# console: welche schriftart?

## Sas

ähm ja, was habt ihr in eurer rc.conf unter CONSOLEFONT= stehen?

die gentoo doku schlägt ja lat0-16 vor, allerdings fehlen da die deutschen umlaute als grossbuchstaben und das ß. welcher zeichensatz schafft abhilfe?

----------

## spitzwegerich

soweit ich weiss sollte lat0-16 eigentlich sonderzeichen beinhalten.

ich benutze lat9w-16, da sind definitiv sonderzeichen dabei.

----------

## Aldo

Ich habe CONSOLEFONT="iso09.16" und das funktioniert super incl. Sonderzeichen etc.

----------

## Sas

lat0-16 beinhaltet (zumindest bei mir ^^) nur die umlaute als kleinbuchstaben....

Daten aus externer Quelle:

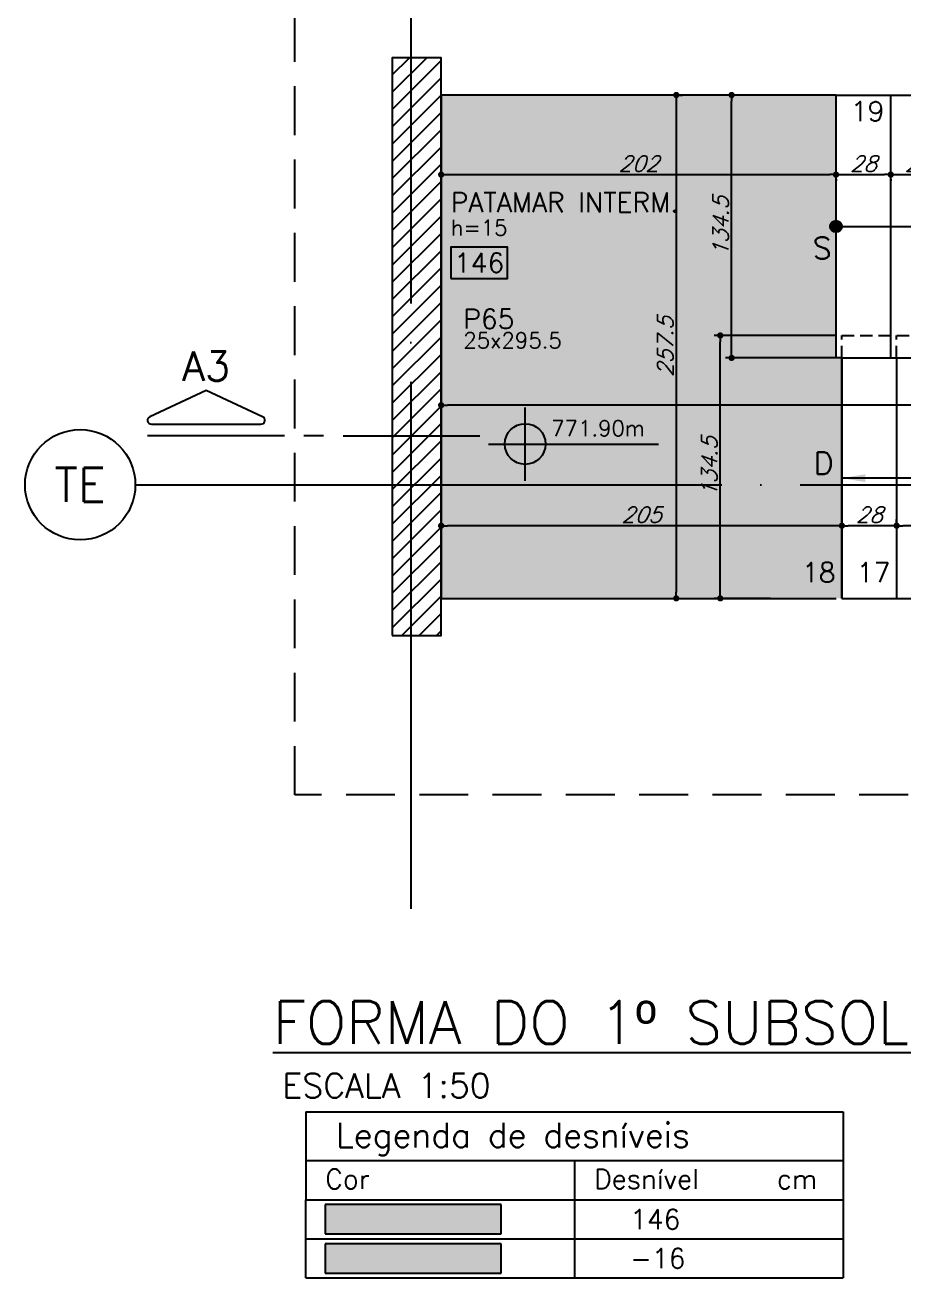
# Model space of a CAD drawing. Header units: millimetres. Extents: x 7530 to 14400, y -7174 to -2969.
# Drawn here: x 9231 to 9681, y -4067 to -3426 of the extents above; entities that cross this region are included whole.
import ezdxf
from ezdxf.enums import TextEntityAlignment as Align

# ---------------------------------------------------------------- set-up
doc = ezdxf.new("R2010")
doc.units = ezdxf.units.MM
doc.header["$LTSCALE"] = 50
doc.header["$PDMODE"] = 3
doc.linetypes.add('DASHED', pattern=[0.75, 0.5, -0.25])
doc.linetypes.add('EIXO', pattern=[6.8, 6, -0.4, 0, -0.4])
for name, color, linetype in [('AR-TEXTO_REGUA 120_1-200', 4, 'Continuous'), ('F-AUX', 2, 'Continuous'), ('F-AUX-RED', 1, 'Continuous'), ('F-CORTE-INDICAÇÃO', 4, 'Continuous'), ('F-COTAS', 106, 'Continuous'), ('F-DESNIVEL-1', 254, 'Continuous'), ('F-EIXO', 12, 'EIXO'), ('F-ESC NUM', 2, 'Continuous'), ('F-ESC-PROJ', 1, 'Continuous'), ('F-ESCADAS', 2, 'Continuous'), ('F-LAJES', 3, 'Continuous'), ('F-LAJES-DIM', 2, 'Continuous'), ('F-LAJES-NOME', 4, 'Continuous'), ('F-NÍVEL-PLANTA', 2, 'Continuous'), ('F-PILARES-DIM', 172, 'Continuous'), ('F-PILARES-HACH', 174, 'Continuous'), ('F-PILARES-NOME', 170, 'Continuous'), ('F-PILARES-S', 170, 'Continuous'), ('F-TABELA-NÍVEIS', 1, 'Continuous'), ('F-TEXTO', 6, 'Continuous'), ('F-TEXTO-YELLOW', 2, 'Continuous')]:
    doc.layers.add(name, color=color, linetype=linetype)
doc.layers.add('F-DESNIVEL-2', color=254, linetype='Continuous', true_color=0xffd1e8)
doc.styles.add('5385-ARQ-PB-BAS-PLA-TER-TORRE-A-106-TXT$0$R60-75', font='romans.shx', dxfattribs={"height": 0.1125})
doc.styles.add('CP-TEXT-INCL', font='romans.shx', dxfattribs={"oblique": 20})
doc.styles.add('MCP', font='romans.shx')
doc.styles.add('REGUA-120-esc1_200', font='simplex.shx', dxfattribs={"height": 0.6})
doc.styles.add('ROMANS', font='romans.shx')
doc.dimstyles.new('CP-COTAS-50', dxfattribs={"dimscale": 0.64, "dimtxt": 12.5, "dimasz": 5, "dimexe": 5, "dimexo": 5, "dimgap": 2.5, "dimtad": 1, "dimdec": 1, "dimdsep": 46, "dimtxsty": 'CP-TEXT-INCL', "dimblk1": 'DOT', "dimblk2": 'DOT', "dimsah": 1, "dimcen": 9, "dimclrd": 256, "dimclre": 256, "dimclrt": 256, "dimadec": 0, "dimazin": 0, "dimtfac": 1, "dimtdec": 1, "dimtmove": 2, "dimatfit": 3, "dimldrblk": 'DOT', "dimfxl": 5, "dimtolj": 1, "dimarcsym": 0})

# ---------------------------------------------------------------- blocks, each defined once
blk = doc.blocks.new('*U20')
at = {"layer": 'F-EIXO'}
blk.add_line((0, 0), (0, -609.8), dxfattribs=at)
at = {"layer": 'F-TEXTO', "style": 'ROMANS'}
blk.add_attdef('EIXO', text='', height=17.5, rotation=360, dxfattribs=at).set_placement((0, 28.21), align=Align.MIDDLE_CENTER)
blk = doc.blocks.new('*U21')
at = {"layer": 'F-EIXO'}
blk.add_line((0, 0), (1096.49, 0), dxfattribs=at)
at = {"layer": 'F-EIXO', "color": 2, "linetype": 'Continuous'}
blk.add_circle((-28.21, 0), 28.21, dxfattribs=at)
at = {"layer": 'F-TEXTO', "style": 'ROMANS'}
blk.add_attdef('EIXO', text='', height=17.5, dxfattribs=at).set_placement((-28.21, 0), align=Align.MIDDLE_CENTER)
blk = doc.blocks.new('*U7')
at = {"layer": 'F-CORTE-INDICAÇÃO'}
for p, q in [((-100, 0), (-170, 0)), ((-80, 0), (-90, 0)), ((-70, 0), (0, 0))]:
    blk.add_line(p, q, dxfattribs=at)
blk.add_lwpolyline([(-112, 6, 0.802585), (-111.15, 9.81), (-140, 23.26), (-168.85, 9.81, 0.802585), (-168, 6)], format="xyb", close=True, dxfattribs=at)
at = {"layer": 'F-CORTE-INDICAÇÃO', "style": 'ROMANS'}
blk.add_attdef('CORTE', text='', height=15, dxfattribs=at).set_placement((-140, 35.76), align=Align.MIDDLE_CENTER)
at = {"layer": 'F-CORTE-INDICAÇÃO', "color": 2, "style": 'ROMANS'}
blk.add_attdef('FOLHA', text='', height=12, dxfattribs=at).set_placement((-140, -10), align=Align.MIDDLE_CENTER)
blk = doc.blocks.new('_DOT')
at = {"color": 0, "linetype": 'ByBlock'}
blk.add_line((-0.5, 0), (-1, 0), dxfattribs=at)
at = {"color": 0, "linetype": 'ByBlock', "const_width": 0.5}
blk.add_lwpolyline([(-0.25, 0, 1), (0.25, 0, 1)], format="xyb", close=True, dxfattribs=at)
blk = doc.blocks.new('*D69')
at = {"layer": 'DEFPOINTS', "color": 0, "transparency": 16777216}
for p in [(9443.82, -3501.77), (9645.82, -3501.77), (9645.82, -3502.62)]:
    blk.add_point(p, dxfattribs=at)
at = {"layer": 'F-COTAS', "lineweight": -2, "transparency": 16777216}
for p, q in [((9443.82, -3504.97), (9443.82, -3505.82)), ((9447.02, -3502.62), (9642.62, -3502.62)), ((9645.82, -3504.97), (9645.82, -3505.82))]:
    blk.add_line(p, q, dxfattribs=at)
at = {"layer": 'F-COTAS', "lineweight": -2, "transparency": 16777216, "xscale": 3.2, "yscale": 3.2, "zscale": 3.2, "rotation": 180}
blk.add_blockref('_DOT', (9443.82, -3502.62), dxfattribs=at)
at = {"layer": 'F-COTAS', "lineweight": -2, "transparency": 16777216, "xscale": 3.2, "yscale": 3.2, "zscale": 3.2}
blk.add_blockref('_DOT', (9645.82, -3502.62), dxfattribs=at)
at = {"layer": 'F-COTAS', "transparency": 16777216, "insert": (9544.82, -3497.02), "char_height": 8, "attachment_point": 5, "style": 'CP-TEXT-INCL'}
blk.add_mtext('\\A1;202', dxfattribs=at)
blk = doc.blocks.new('*D70')
at = {"layer": 'DEFPOINTS', "color": 0, "transparency": 16777216}
for p in [(9645.82, -3501.77), (9673.82, -3502.62), (9673.82, -3502.62)]:
    blk.add_point(p, dxfattribs=at)
at = {"layer": 'F-COTAS', "lineweight": -2, "transparency": 16777216}
for p, q in [((9645.82, -3504.97), (9645.82, -3505.82)), ((9649.02, -3502.62), (9670.62, -3502.62))]:
    blk.add_line(p, q, dxfattribs=at)
at = {"layer": 'F-COTAS', "lineweight": -2, "transparency": 16777216, "xscale": 3.2, "yscale": 3.2, "zscale": 3.2, "rotation": 180}
blk.add_blockref('_DOT', (9645.82, -3502.62), dxfattribs=at)
at = {"layer": 'F-COTAS', "lineweight": -2, "transparency": 16777216, "xscale": 3.2, "yscale": 3.2, "zscale": 3.2}
blk.add_blockref('_DOT', (9673.82, -3502.62), dxfattribs=at)
at = {"layer": 'F-COTAS', "transparency": 16777216, "insert": (9659.82, -3497.02), "char_height": 8, "attachment_point": 5, "style": 'CP-TEXT-INCL'}
blk.add_mtext('\\A1;28', dxfattribs=at)
blk = doc.blocks.new('*D76')
at = {"layer": 'DEFPOINTS', "color": 0, "transparency": 16777216}
for p in [(9592.41, -3461.9), (9612.74, -3461.9), (9648.82, -3596.4)]:
    blk.add_point(p, dxfattribs=at)
at = {"layer": 'F-COTAS', "lineweight": -2, "transparency": 16777216}
for p, q in [((9609.54, -3461.9), (9589.21, -3461.9)), ((9592.41, -3593.2), (9592.41, -3465.1)), ((9645.62, -3596.4), (9589.21, -3596.4))]:
    blk.add_line(p, q, dxfattribs=at)
at = {"layer": 'F-COTAS', "lineweight": -2, "transparency": 16777216, "xscale": 3.2, "yscale": 3.2, "zscale": 3.2}
for p, rotation in [((9592.41, -3461.9), 90), ((9592.41, -3596.4), 270)]:
    blk.add_blockref('_DOT', p, dxfattribs=dict(at, rotation=rotation))
at = {"layer": 'F-COTAS', "transparency": 16777216, "insert": (9586.81, -3529.15), "char_height": 8, "attachment_point": 5, "rotation": 90, "style": 'CP-TEXT-INCL'}
blk.add_mtext('\\A1;134.5', dxfattribs=at)
blk = doc.blocks.new('*D77')
at = {"layer": 'DEFPOINTS', "color": 0, "transparency": 16777216}
for p in [(9561.95, -3461.9), (9561.95, -3719.4), (9564.09, -3719.4)]:
    blk.add_point(p, dxfattribs=at)
at = {"layer": 'F-COTAS', "lineweight": -2, "transparency": 16777216}
for p, q in [((9564.09, -3465.1), (9564.09, -3716.2)), ((9565.15, -3461.9), (9567.29, -3461.9)), ((9565.15, -3719.4), (9567.29, -3719.4))]:
    blk.add_line(p, q, dxfattribs=at)
at = {"layer": 'F-COTAS', "lineweight": -2, "transparency": 16777216, "xscale": 3.2, "yscale": 3.2, "zscale": 3.2}
for p, rotation in [((9564.09, -3461.9), 90), ((9564.09, -3719.4), 270)]:
    blk.add_blockref('_DOT', p, dxfattribs=dict(at, rotation=rotation))
at = {"layer": 'F-COTAS', "transparency": 16777216, "insert": (9558.49, -3590.65), "char_height": 8, "attachment_point": 5, "rotation": 90, "style": 'CP-TEXT-INCL'}
blk.add_mtext('\\A1;257.5', dxfattribs=at)
blk = doc.blocks.new('*D78')
at = {"layer": 'DEFPOINTS', "color": 0, "transparency": 16777216}
for p in [(9443.82, -3617.89), (9443.82, -3620.57), (10050.32, -3617.89)]:
    blk.add_point(p, dxfattribs=at)
at = {"layer": 'F-COTAS', "lineweight": -2, "transparency": 16777216}
for p, q in [((9443.82, -3621.09), (9443.82, -3623.77)), ((10047.12, -3620.57), (9447.02, -3620.57)), ((10050.32, -3621.09), (10050.32, -3623.77))]:
    blk.add_line(p, q, dxfattribs=at)
at = {"layer": 'F-COTAS', "lineweight": -2, "transparency": 16777216, "xscale": 3.2, "yscale": 3.2, "zscale": 3.2, "rotation": 180}
blk.add_blockref('_DOT', (9443.82, -3620.57), dxfattribs=at)
at = {"layer": 'F-COTAS', "lineweight": -2, "transparency": 16777216, "xscale": 3.2, "yscale": 3.2, "zscale": 3.2}
blk.add_blockref('_DOT', (10050.32, -3620.57), dxfattribs=at)
at = {"layer": 'F-COTAS', "transparency": 16777216, "insert": (9772.81, -3614.97), "char_height": 8, "attachment_point": 5, "style": 'CP-TEXT-INCL'}
blk.add_mtext('\\A1;606.5', dxfattribs=at)
blk = doc.blocks.new('*D85')
at = {"layer": 'DEFPOINTS', "color": 0, "transparency": 16777216}
for p in [(9676.82, -3682.22), (9676.82, -3686.29), (9704.82, -3686.29)]:
    blk.add_point(p, dxfattribs=at)
at = {"layer": 'F-COTAS', "lineweight": -2, "transparency": 16777216}
for p, q in [((9676.82, -3683.09), (9676.82, -3679.02)), ((9701.62, -3682.22), (9680.02, -3682.22)), ((9704.82, -3683.09), (9704.82, -3679.02))]:
    blk.add_line(p, q, dxfattribs=at)
at = {"layer": 'F-COTAS', "lineweight": -2, "transparency": 16777216, "xscale": 3.2, "yscale": 3.2, "zscale": 3.2, "rotation": 180}
blk.add_blockref('_DOT', (9676.82, -3682.22), dxfattribs=at)
at = {"layer": 'F-COTAS', "lineweight": -2, "transparency": 16777216, "xscale": 3.2, "yscale": 3.2, "zscale": 3.2}
blk.add_blockref('_DOT', (9704.82, -3682.22), dxfattribs=at)
at = {"layer": 'F-COTAS', "transparency": 16777216, "insert": (9690.82, -3676.62), "char_height": 8, "attachment_point": 5, "style": 'CP-TEXT-INCL'}
blk.add_mtext('\\A1;28', dxfattribs=at)
blk = doc.blocks.new('*D66')
at = {"layer": 'DEFPOINTS', "color": 0, "transparency": 16777216}
for p in [(9443.82, -3682.22), (9443.82, -3686.29), (9648.82, -3686.29)]:
    blk.add_point(p, dxfattribs=at)
at = {"layer": 'F-COTAS', "lineweight": -2, "transparency": 16777216}
for p, q in [((9443.82, -3683.09), (9443.82, -3679.02)), ((9645.62, -3682.22), (9447.02, -3682.22)), ((9648.82, -3683.09), (9648.82, -3679.02))]:
    blk.add_line(p, q, dxfattribs=at)
at = {"layer": 'F-COTAS', "lineweight": -2, "transparency": 16777216, "xscale": 3.2, "yscale": 3.2, "zscale": 3.2, "rotation": 180}
blk.add_blockref('_DOT', (9443.82, -3682.22), dxfattribs=at)
at = {"layer": 'F-COTAS', "lineweight": -2, "transparency": 16777216, "xscale": 3.2, "yscale": 3.2, "zscale": 3.2}
blk.add_blockref('_DOT', (9648.82, -3682.22), dxfattribs=at)
at = {"layer": 'F-COTAS', "transparency": 16777216, "insert": (9546.32, -3676.62), "char_height": 8, "attachment_point": 5, "style": 'CP-TEXT-INCL'}
blk.add_mtext('\\A1;205', dxfattribs=at)
blk = doc.blocks.new('*D86')
at = {"layer": 'DEFPOINTS', "color": 0, "transparency": 16777216}
for p in [(9586.6, -3584.9), (9648.82, -3584.9), (9615.53, -3719.4)]:
    blk.add_point(p, dxfattribs=at)
at = {"layer": 'F-COTAS', "lineweight": -2, "transparency": 16777216}
for p, q in [((9645.62, -3584.9), (9583.4, -3584.9)), ((9586.6, -3716.2), (9586.6, -3588.1)), ((9612.33, -3719.4), (9583.4, -3719.4))]:
    blk.add_line(p, q, dxfattribs=at)
at = {"layer": 'F-COTAS', "lineweight": -2, "transparency": 16777216, "xscale": 3.2, "yscale": 3.2, "zscale": 3.2}
for p, rotation in [((9586.6, -3584.9), 90), ((9586.6, -3719.4), 270)]:
    blk.add_blockref('_DOT', p, dxfattribs=dict(at, rotation=rotation))
at = {"layer": 'F-COTAS', "transparency": 16777216, "insert": (9581, -3652.15), "char_height": 8, "attachment_point": 5, "rotation": 90, "style": 'CP-TEXT-INCL'}
blk.add_mtext('\\A1;134.5', dxfattribs=at)
blk = doc.blocks.new('*D87')
at = {"layer": 'DEFPOINTS', "color": 0, "transparency": 16777216}
for p in [(9648.82, -3682.22), (9648.82, -3686.29), (9676.82, -3686.29)]:
    blk.add_point(p, dxfattribs=at)
at = {"layer": 'F-COTAS', "lineweight": -2, "transparency": 16777216}
for p, q in [((9648.82, -3683.09), (9648.82, -3679.02)), ((9673.62, -3682.22), (9652.02, -3682.22)), ((9676.82, -3683.09), (9676.82, -3679.02))]:
    blk.add_line(p, q, dxfattribs=at)
at = {"layer": 'F-COTAS', "lineweight": -2, "transparency": 16777216, "xscale": 3.2, "yscale": 3.2, "zscale": 3.2, "rotation": 180}
blk.add_blockref('_DOT', (9648.82, -3682.22), dxfattribs=at)
at = {"layer": 'F-COTAS', "lineweight": -2, "transparency": 16777216, "xscale": 3.2, "yscale": 3.2, "zscale": 3.2}
blk.add_blockref('_DOT', (9676.82, -3682.22), dxfattribs=at)
at = {"layer": 'F-COTAS', "transparency": 16777216, "insert": (9662.82, -3676.62), "char_height": 8, "attachment_point": 5, "style": 'CP-TEXT-INCL'}
blk.add_mtext('\\A1;28', dxfattribs=at)
blk = doc.blocks.new('*D89')
at = {"layer": 'DEFPOINTS', "color": 0, "transparency": 16777216}
for p in [(9673.82, -3501.77), (9701.82, -3502.62), (9701.82, -3502.62)]:
    blk.add_point(p, dxfattribs=at)
at = {"layer": 'F-COTAS', "lineweight": -2, "transparency": 16777216}
for p, q in [((9673.82, -3504.97), (9673.82, -3505.82)), ((9677.02, -3502.62), (9698.62, -3502.62))]:
    blk.add_line(p, q, dxfattribs=at)
at = {"layer": 'F-COTAS', "lineweight": -2, "transparency": 16777216, "xscale": 3.2, "yscale": 3.2, "zscale": 3.2, "rotation": 180}
blk.add_blockref('_DOT', (9673.82, -3502.62), dxfattribs=at)
at = {"layer": 'F-COTAS', "lineweight": -2, "transparency": 16777216, "xscale": 3.2, "yscale": 3.2, "zscale": 3.2}
blk.add_blockref('_DOT', (9701.82, -3502.62), dxfattribs=at)
at = {"layer": 'F-COTAS', "transparency": 16777216, "insert": (9687.82, -3497.02), "char_height": 8, "attachment_point": 5, "style": 'CP-TEXT-INCL'}
blk.add_mtext('\\A1;28', dxfattribs=at)
blk = doc.blocks.new('*U158')
at = {"layer": 'F-LAJES-DIM', "color": 1}
blk.add_lwpolyline([(0, 0), (29.06, 0), (29.06, 16), (0, 16)], close=True, dxfattribs=at)
at = {"layer": 'F-LAJES-DIM', "style": 'MCP'}
blk.add_attdef('DIM', text='', height=10, dxfattribs=at).set_placement((14.53, 8), align=Align.MIDDLE_CENTER)
blk = doc.blocks.new('Nível - Planta')
at = {"layer": 'F-NÍVEL-PLANTA'}
h = blk.add_hatch(color=71, dxfattribs=at)
h.paths.add_polyline_path([(0, 0), (0, 0.26, 0.414214), (-0.26, 0)])
h.paths.add_polyline_path([(0.26, 0), (0, 0), (0, -0.26, 0.414214)])
for p, q in [((0, -0.469), (0, 0.469)), ((-0.469, 0), (1.704, 0))]:
    blk.add_line(p, q, dxfattribs=at)
blk.add_circle((0, 0), 0.26, dxfattribs=at)
at = {"layer": 'F-TEXTO', "color": 3, "style": 'MCP'}
blk.add_attdef('NÍVEL', (0.333, 0.102), '', height=0.2, dxfattribs=at)

msp = doc.modelspace()

# ---------------------------------------------------------------- hatches: boundary and pattern name
at = {"layer": 'F-AUX'}
h = msp.add_hatch(color=1, dxfattribs=at)
edge = h.paths.add_edge_path()
edge.add_arc((9645.822, -3529.147), 3, 0, 360)
at = {"layer": 'F-DESNIVEL-1'}
h = msp.add_hatch(color=256, dxfattribs=at)
h.dxf.hatch_style = 1
h.paths.add_polyline_path([(9648.822, -3719.397), (9648.822, -3596.397), (9645.822, -3596.397), (9645.822, -3461.897), (9443.822, -3461.897), (9443.822, -3719.397)])
at = {"layer": 'F-PILARES-HACH', "linetype": 'Continuous'}
h = msp.add_hatch(dxfattribs=at)
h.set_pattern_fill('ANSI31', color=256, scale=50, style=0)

bei iso09.16 is alles dabei, danke =)

----------

## mr_neutron

Also hier klappts mit CONSOLEFONT="lat0-16" auch mit großen Umlauten. 

Vielleicht fehlt 

CONSOLETRANSLATION="8859-1_to_uni"

?

----------

## Sas

ja, die consoletranslation war noch ausgeixt, mein fehler...

----------

## flavour

Kennt jemand eine Schrift, mit der meine Konsole wie eine "Matrix-Konsole" aussieht?   :Smile: 

----------